2. Are my mantises too small for mealworms? 

Chris


----------



## Sarah K (Jun 10, 2016)

avn said:


> Hey!
> 
> so my 15  Chinese Nymphs are L3/L4 now, about 1 - 1.5 inches long.
> 
> ...


I am not really sure if waxworms and mealworms should be used as a main feeder, as I believe they are probably too fatty, and should be treated more like a treat than a staple. Crickets should be fine for Chinese, and a lot of us (including me) use house flies and blue bottle flies for our staples. You can buy them in the pupae state from members on here, or from other online retailers that specialize in mantises. Pupae are really convenient, because you pop them in the mantis enclosures in their pupae state, then they hatch in the enclosure (a day or so later), and the mantises can grab them from within their enclosure, and you will not have to worry about flying escape artists in your house that way! Some people use roaches, and some people use homemade traps for wild flies, and Thomas has a great tutorial for creating a homemade fly trap:


----------



## CosbyArt (Jun 10, 2016)

Once mantids outgrow fruit flies the next step is stable flies or house flies. The bottle flies are likely too big (they are the next step after stable and house flies), although T. sinensis are aggressive eaters and might be fine.

Waxworms are really high in fat and are more of a treat than a staple food source (I personally let them grow out to moths as my mantids much prefer that). In nature a mantid would likely never come across a single waxworm let along it's only feeder source, so I wouldn't recommend it.

I have never had any mantids (of any size) that would eat mealworms, but if you are having luck they would be alright.

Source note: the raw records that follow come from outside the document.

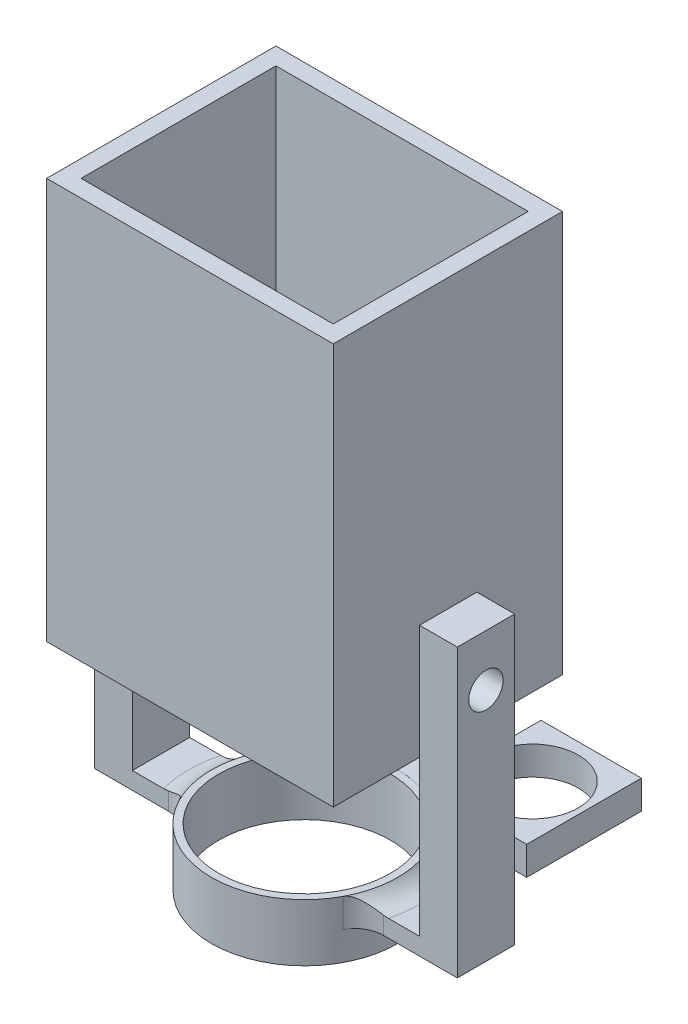
SolidWorks part; units mm, degrees
ref_plane "Front Plane" through (0, 0, 0) normal (0, 0, 1) x (1, 0, 0)
ref_plane "Top Plane" through (0, 0, 0) normal (0, 1, 0) x (1, 0, 0)
ref_plane "Right Plane" through (0, 0, 0) normal (1, 0, 0) x (0, 0, -1)
sketch "Sketch2" plane through (0, 0, 0) normal (0, 1, 0) x (1, 0, 0)
  line L0 (0, 15) -> (0, -15) construction
  line L1 (-15, 0) -> (15, 0) construction
  line L2 (-15, 0) -> (-15, 5) construction
  line L3 (-14.1421, 5) -> (-31.6421, 5)
  line L4 (-31.6421, 5) -> (-31.6421, -5)
  line L5 (-14.1421, -5) -> (-31.6421, -5)
  line L6 (14.1421, -5) -> (31.6421, -5)
  line L7 (31.6421, 5) -> (31.6421, -5)
  line L8 (14.1421, 5) -> (31.6421, 5)
  line L9 (0, 16.25) -> (22.5, 16.25)
  line L10 (22.5, 16.25) -> (22.5, 36.25)
  line L11 (22.5, 36.25) -> (5, 36.25)
  line L12 (-22.5, 36.25) -> (-22.5, 16.25)
  line L13 (-22.5, 16.25) -> (0, 16.25)
  line L14 (22.5, 26.25) -> (21.5, 26.25) construction
  line L20 (-5, 36.25) -> (-22.5, 36.25)
  line L21 (0, 31.25) -> (0, 16.25) construction
  line L22 (-5, 36.25) -> (-5, 31.25)
  line L23 (-5, 31.25) -> (5, 31.25)
  line L24 (5, 31.25) -> (5, 36.25)
  line L25 (13.5, 34.25) -> (13.5, 36.25) construction
  line L26 (13.5, 18.25) -> (13.5, 16.25) construction
  line L27 (-13.5, 26.25) -> (13.5, 26.25) construction
  line L28 (-13.5, 9.045) -> (-13.5, 16.25)
  line L29 (13.5, 16.25) -> (13.5, 9.045)
  line L30 (-16.25, 0) -> (-25.05, 0) construction
  line L31 (-25.05, 5) -> (-25.05, -5)
  line L32 (25.05, 5) -> (25.05, -5)
  circle A0 centre (0, 0) radius 15
  circle A1 centre (0, 0) radius 16.25
  circle A2 centre (13.5, 26.25) radius 8
  circle A3 centre (-13.5, 26.25) radius 8
  point P13 (-31.6421, 0)
  dimension "D1" = 30
  dimension "D2" = 17.5
  dimension "D4" = 32.5
  dimension "D8" = 1
  dimension "D9" = 16
  dimension "D3" = 5
  dimension "D5" = 5
  dimension "D6" = 20
  dimension "D7" = 45
  dimension "D10" = 17.5
  dimension "D11" = 8.8
extrude "Connector sleeve" add sketch "Sketch2" along normal blind 5 and the other way blind 5 contours L5 A1 L6 A0 | L8 A1 L3 A0 | L6 A1 L8 A0 | L3 A1 L5 A0 region at (-14.3253, 0, -6.9471) region at (-15.3497, 0, 0) region at (-14.8019, 0, 5.3291) region at (15.3497, 0, 0)
ref_plane "Plane2" through (0, 30, 0) normal (0, 1, 0) x (1, 0, 0)
sketch "Sketch3" plane through (0, 30, 0) normal (0, 1, 0) x (1, 0, 0)
  line L1 (-25, 20) -> (25, 20)
  line L2 (-25, 20) -> (-25, -20)
  line L3 (-25, -20) -> (25, -20)
  line L4 (25, 20) -> (25, -20)
  line L5 (-25, 20) -> (25, -20) construction
  line L6 (-25, -20) -> (25, 20) construction
  circle A0 centre (0, 0) radius 3
  point P0 (0, 0)
  dimension "D3" = 6
  dimension "D1" = 50
  dimension "D2" = 40
extrude "Motor casing" add sketch "Sketch3" along normal blind 70
shell "Shell4" thickness 3 removed face at (0, 100, 3) removed face at (0, 100, 0)
sketch "Sketch6" plane through (0, 33, 0) normal (0, 1, 0) x (1, 0, 0)
  circle A0 centre (0, 0) radius 15
  circle A1 centre (0, 0) radius 16
  dimension "D1" = 30
  dimension "D2" = 32
extrude "Motor sits here" add sketch "Sketch6" along normal blind 30
extrude "Sleeve-casing connector" add sketch "Sketch2<16>" along normal blind 3 contours A1 L3 L31 L5 | L31 L3 L4 L5 | A1 L6 L32 L8 | L8 L32 L6 L7 region at (-28.3461, 0, 0) region at (-20.5169, 0, 0) region at (20.5169, 0, 0) region at (28.3461, 0, 0)
sketch "Sketch2<16>" plane through (0, 0, 0) normal (0, 1, 0) x (1, 0, 0) same geometry as "Sketch2"
extrude "Sleeve-casing arms" add sketch "Sketch2<17>" along normal blind 50 contours L31 L3 L4 L5 | L8 L32 L6 L7 region at (-28.3461, 0, 0) region at (28.3461, 0, 0)
sketch "Sketch2<17>" plane through (0, 0, 0) normal (0, 1, 0) x (1, 0, 0) same geometry as "Sketch2"
extrude "Sensor holder" add sketch "Sketch2<10>" along normal blind 5 separate body contours L24 L23 L22 L20 L12 L13 L9 L10 L11 A2 A3 | A1 L13 L28 | A1 L29 L9 region at (-10.2927, 0, -14.2057) region at (0, 0, -25.4127) region at (10.2927, 0, -14.2057)
sketch "Sketch2<10>" plane through (0, 0, 0) normal (0, 1, 0) x (1, 0, 0) same geometry as "Sketch2"
fillet "Fillet2" radius 5 6 edges at (-15.4616, 1.5, -5) (-16.25, 3, 0) (-15.4616, 1.5, 5) (15.4616, 1.5, 5) (15.4616, 1.5, -5) (16.25, 3, 0)
ref_plane "Plane4" through (-31.6421, 0, 0) normal (-1, 0, 0) x (0, 0, 1)
sketch "Sketch8" plane through (-31.6421, 0, 0) normal (-1, 0, 0) x (0, 0, 1)
  line L0 (0, 50) -> (0, 41) construction
  line L1 (-5, 50) -> (5, 50) construction
  circle A0 centre (0, 41) radius 3
  dimension "D2" = 3
  dimension "D1" = 9
extrude "Cut-Extrude5" cut sketch "Sketch8" against normal through all both and the other way through all

If they are not able to bite into the mealworm you can cut the mealworms in half and offer them that way. Just keep an eye on them as they can quickly disappear into any substrate and will no longer be of value as feeders. Of course their adult form, a beetle, is too hard for a mantid to eat as well.

The ideal feeders are flying insects and common crawling insect varieties like crickets, cockroaches, grasshoppers, etc. Here is a quick guide on feeders moving up in size..

Melanogaster FF, Hydei FF, stable flies, houseflies, bottle flies (blue or green), horseflies, soldier flies, crickets, cockroaches, etc. Of course depending on the size of the prey they can be used sooner, such as pinhead crickets.


----------



## hibiscusmile (Jun 11, 2016)

I agree, some of mine will eat mealworms, but u usually have to wiggle it and I dont have time for all that wiggling.


----------



## avn (Jun 11, 2016)

I put more crickets in their enclosures and now the crickets and waxworms are crawling around the bottom having a party while the mantises huddle in fear at the top.

they're seriously scared of the crickets! I though these were supposed to be ferocious predators! 

I looked up stable flies... They suck human blood! 

Sigh mantises are on a mission to give me agita


----------



## hibiscusmile (Jun 12, 2016)

Take out all those insects, The flies we are talking about are just false stable flies. You are stressing out the mantis.


----------



## Descartes (Jun 12, 2016)

Another option: leave a porch light on. Come out after dark, and take your pick of moth sizes. 

Some folks don't recommend moths for long term health, and some moths could be poisonous (usually brightly colored). That said, I have never had an issue and my mantis love them. I feed a varied diet, but moths are easy and delicious. Also, research studies suggest that "bad" moths will be rejected by the mantis, so I don't worry too much. 

Then, you can work toward a fly trap or other long term solution.


----------



## Jgod (Jun 12, 2016)

avn said:


> I put more crickets in their enclosures and now the crickets and waxworms are crawling around the bottom having a party while the mantises huddle in fear at the top.
> 
> they're seriously scared of the crickets! I though these were supposed to be ferocious predators!
> 
> ...


Overcrowding the mantis stresses it out. Crickets can harm your mantis and should not be left in the enclosure. If the animal you're feeding the mantis can bite or sting it should not be left in the enclosure unattended as it may harm or kill the mantis especially during a molt.

The only feeders I'll leave in an enclosure are flies and usually only a couple at a time. 



hibiscusmile said:


> Take out all those insects, The flies we are talking about are just false stable flies. You are stressing out the mantis.


----------



## Mantidaddicted (Jun 13, 2016)

Yes, only keep two or three feeders in at a time, they will definitely get stressed and scared and won't go even close to them. And like humans stress does a lot of harm to the body. So imagine being that little, you can definitely stress it to death! You should consider ordering some house fly pupae from MantisPlace(Rebecca is really awesome).


----------



## avn (Jun 17, 2016)

I left the mantises overnight with the crickets for a few days and most of the crickets got eaten. No harm to the mantises is visible, despite y'alls doom and gloom.

i think they had to get used to this strange new creature!

However they were definitely too big for some of the mantises, so I looked for a size smaller. 

I managed to find a place that sells crickets that are about as big as Abraham Lincolns face on the penny.   the mantises pounce on them really fast.

a cricket is a tough food! It's jumping everywhere and trying to get away. I like that it's a challenge for them. Otherwise they're just sittin in that cage doing nothing. Lazy!


----------